LE CONSEIL CONSTTUTIONNEL RÈGNE EN MAÎTRE SUR LA POLITIQUE D’IMMIGRATION ET SE PRÉTEND APOLITIQUE
ILLUSTRATION :
« Nous avons obligation de regarder si oui ou non il y a un lien entre l’amendement et le texte initial. Quand il n’y a pas de lien, nous sommes obligés de dire que c’est inconstitutionnel », a-t-il expliqué, après la décision prise par le Conseil constitutionnel de censurer 35 articles sur 81.
« Ça ne veut pas dire que la disposition, sur le fond, nous la censurons, elle peut revenir sur le fond et à ce moment là, nous dirons ce que nous en pensons », précise-t-il, assurant ne pas vouloir « entrer dans une controverse avec tel ou tel dirigeant politique ». M. FABIUS
Une interprétation présidentialiste de la Constitution (M.À.J.)
Les sages de la rue de Montpensier ont une jurisprudence relativement constante en la matière depuis 2008. Et il est vrai que, depuis son origine, le Conseil développe une interprétation présidentialiste de la Constitution.
« En censurant 35 mesures de la loi immigration, les juges du Palais-Royal confirment leur refus de se borner au contrôle de la constitutionnalité. Cette décision est une aubaine pour les critiques qui jugent nécessaire de changer la Constitution si la France souhaite maîtriser sa politique migratoire. « ( ARTICLE 1 )
Anne-Marie Le Pourhiet, professeur émérite de droit public, analyse la décision du 25 janvier du Conseil constitutionnel, qui a censuré 35 articles sur les 86 que comportait la loi immigration.
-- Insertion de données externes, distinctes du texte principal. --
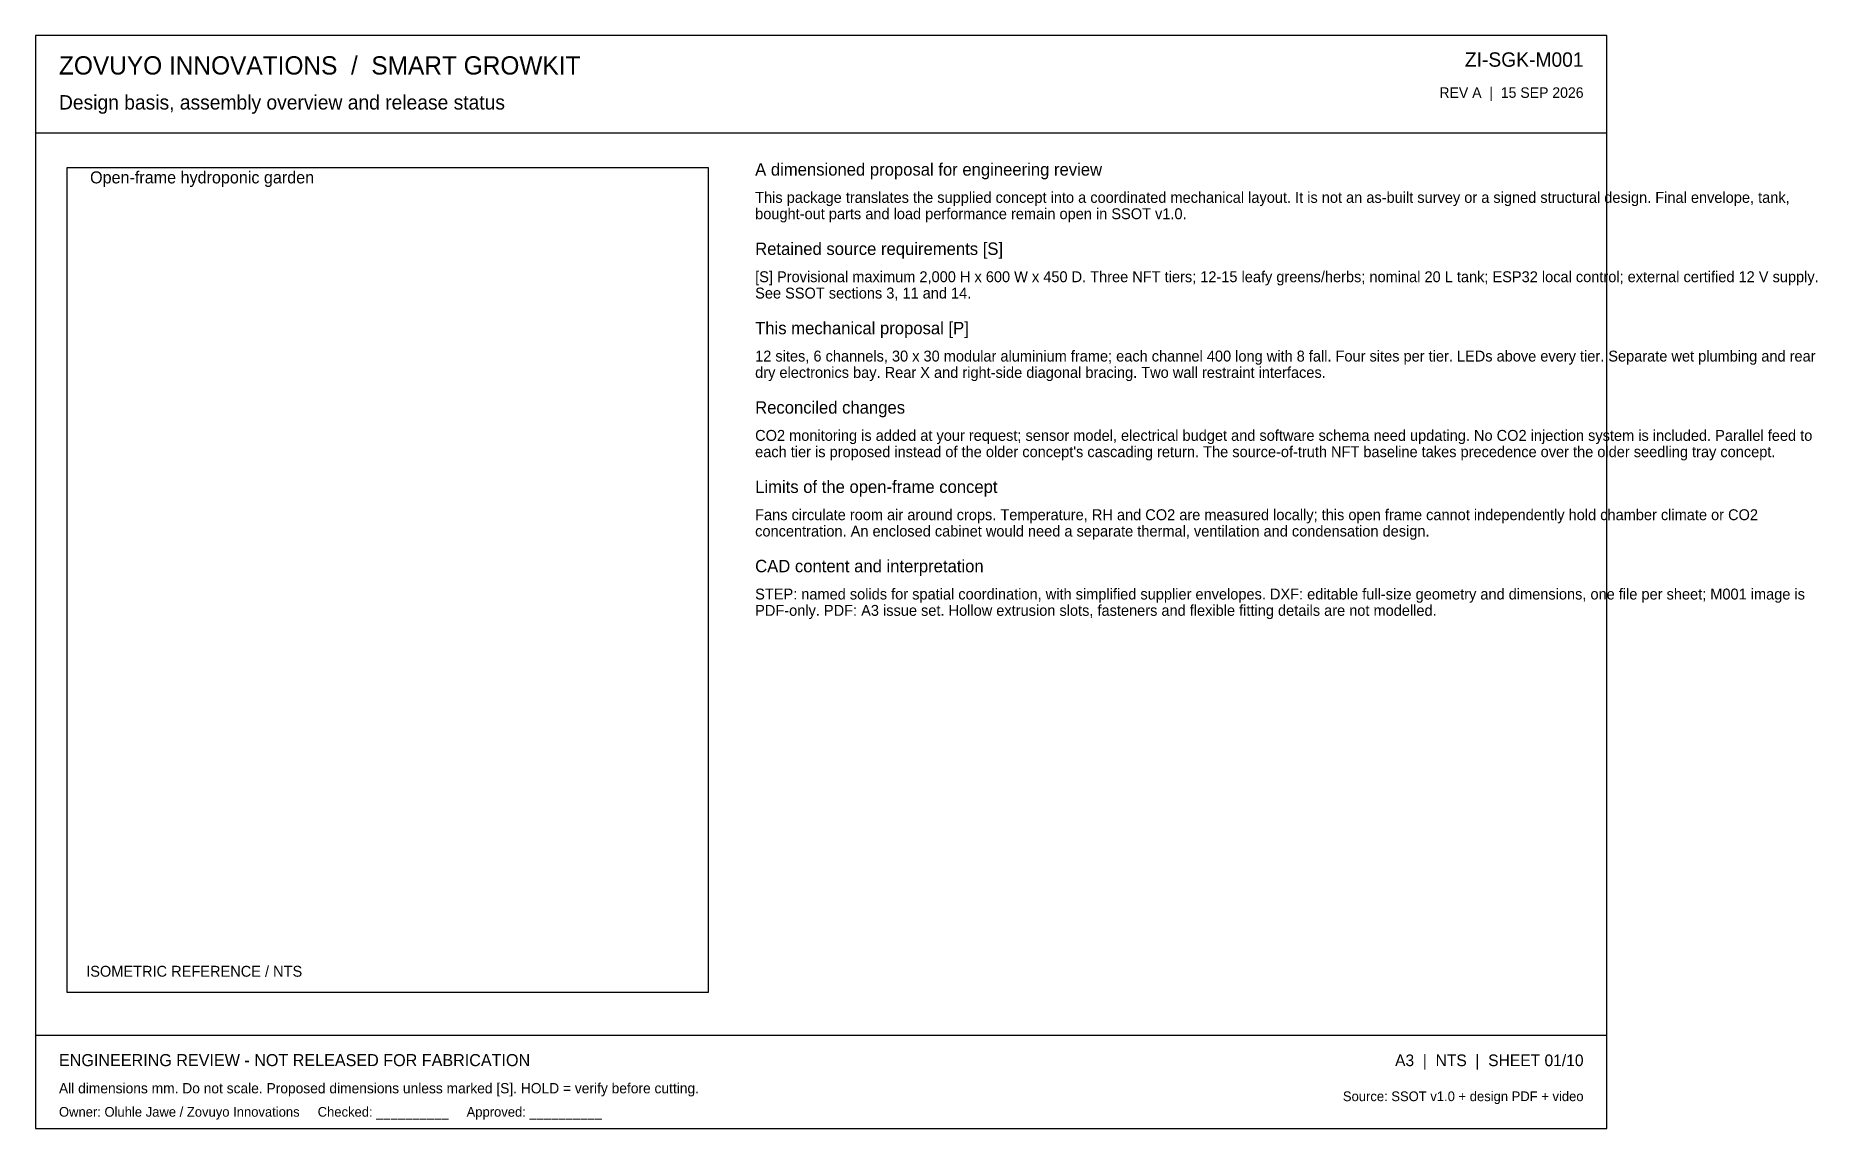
# Model space of a CAD drawing. Header units: millimetres. Extents: x 8 to 466, y 8 to 289.
import ezdxf
from ezdxf.enums import TextEntityAlignment as Align

# ---------------------------------------------------------------- set-up
doc = ezdxf.new("R2010")
doc.units = ezdxf.units.MM
for name, color, linetype in [('FAINT', 9, 'Continuous'), ('HOLD', 1, 'Continuous'), ('OUTLINE', 7, 'Continuous')]:
    doc.layers.add(name, color=color, linetype=linetype)

msp = doc.modelspace()

# ---------------------------------------------------------------- linework, layer by layer
at = {"layer": 'FAINT'}
for p, q in [((181, 255), (16, 255)), ((16, 255), (16, 43)), ((181, 43), (181, 255)), ((16, 43), (181, 43))]:
    msp.add_line(p, q, dxfattribs=at)
at = {"layer": 'OUTLINE'}
for p, q in [((412, 289), (8, 289)), ((8, 289), (8, 8)), ((412, 8), (412, 289)), ((8, 264), (412, 264)), ((8, 32), (412, 32)), ((8, 8), (412, 8))]:
    msp.add_line(p, q, dxfattribs=at)

# ---------------------------------------------------------------- texts
at = {"layer": 'HOLD'}
msp.add_text('ENGINEERING REVIEW - NOT RELEASED FOR FABRICATION', height=3.1, dxfattribs=at).set_placement((14, 24))
at = {"layer": 'OUTLINE'}
for s, height, p in [('ZI-SGK-M001', 3.7, (406, 281)), ('REV A  |  15 SEP 2026', 2.7, (406, 273)), ('A3  |  NTS  |  SHEET 01/10', 3, (406, 24)), ('Source: SSOT v1.0 + design PDF + video', 2.5, (406, 15))]:
    msp.add_text(s, height=height, dxfattribs=at).set_placement(p, align=Align.RIGHT)
for s, height, p in [('ZOVUYO INNOVATIONS  /  SMART GROWKIT', 4.7, (14, 279)), ('Design basis, assembly overview and release status', 3.7, (14, 270)), ('Open-frame hydroponic garden', 3.1, (22, 251)), ('A dimensioned proposal for engineering review', 3.2, (193, 253)), ('This package translates the supplied concept into a coordinated mechanical layout. It is not an as-built survey or a signed structural design. Final envelope, tank,', 2.8, (193, 246)), ('bought-out parts and load performance remain open in SSOT v1.0.', 2.8, (193, 241.8)), ('Retained source requirements [S]', 3.2, (193, 232.6)), ('[S] Provisional maximum 2,000 H x 600 W x 450 D. Three NFT tiers; 12-15 leafy greens/herbs; nominal 20 L tank; ESP32 local control; external certified 12 V supply.', 2.8, (193, 225.6)), ('See SSOT sections 3, 11 and 14.', 2.8, (193, 221.4)), ('This mechanical proposal [P]', 3.2, (193, 212.2)), ('12 sites, 6 channels, 30 x 30 modular aluminium frame; each channel 400 long with 8 fall. Four sites per tier. LEDs above every tier. Separate wet plumbing and rear', 2.8, (193, 205.2)), ('dry electronics bay. Rear X and right-side diagonal bracing. Two wall restraint interfaces.', 2.8, (193, 201)), ('Reconciled changes', 3.2, (193, 191.8)), ("each tier is proposed instead of the older concept's cascading return. The source-of-truth NFT baseline takes precedence over the older seedling tray concept.", 2.8, (193, 180.6)), ('CO2 monitoring is added at your request; sensor model, electrical budget and software schema need updating. No CO2 injection system is included. Parallel feed to', 2.8, (193, 184.8)), ('Limits of the open-frame concept', 3.2, (193, 171.4)), ('Fans circulate room air around crops. Temperature, RH and CO2 are measured locally; this open frame cannot independently hold chamber climate or CO2', 2.8, (193, 164.4)), ('concentration. An enclosed cabinet would need a separate thermal, ventilation and condensation design.', 2.8, (193, 160.2)), ('CAD content and interpretation', 3.2, (193, 151)), ('STEP: named solids for spatial coordination, with simplified supplier envelopes. DXF: editable full-size geometry and dimensions, one file per sheet; M001 image is', 2.8, (193, 144)), ('PDF-only. PDF: A3 issue set. Hollow extrusion slots, fasteners and flexible fitting details are not modelled.', 2.8, (193, 139.8)), ('ISOMETRIC REFERENCE / NTS', 2.8, (21, 47)), ('All dimensions mm. Do not scale. Proposed dimensions unless marked [S]. HOLD = verify before cutting.', 2.65, (14, 17)), ('Owner: Oluhle Jawe / Zovuyo Innovations     Checked: __________     Approved: __________', 2.5, (14, 11))]:
    msp.add_text(s, height=height, dxfattribs=at).set_placement(p)

doc.saveas('drawing.dxf')

Elle déplore un usage à géométrie variable de l’article 45 de la Constitution par les Sages. ( ARTICLE 2 )
« Les sages auraient dû aller plus loin : ils auraient dû affirmer que les dispositions censurées n’étaient pas seulement des cavaliers législatifs mais des missiles législatifs téléguidés pour détruire la Déclaration des droits de l’homme et du citoyen, affirme le professeur de droit public. » ( ARTICLE 3 )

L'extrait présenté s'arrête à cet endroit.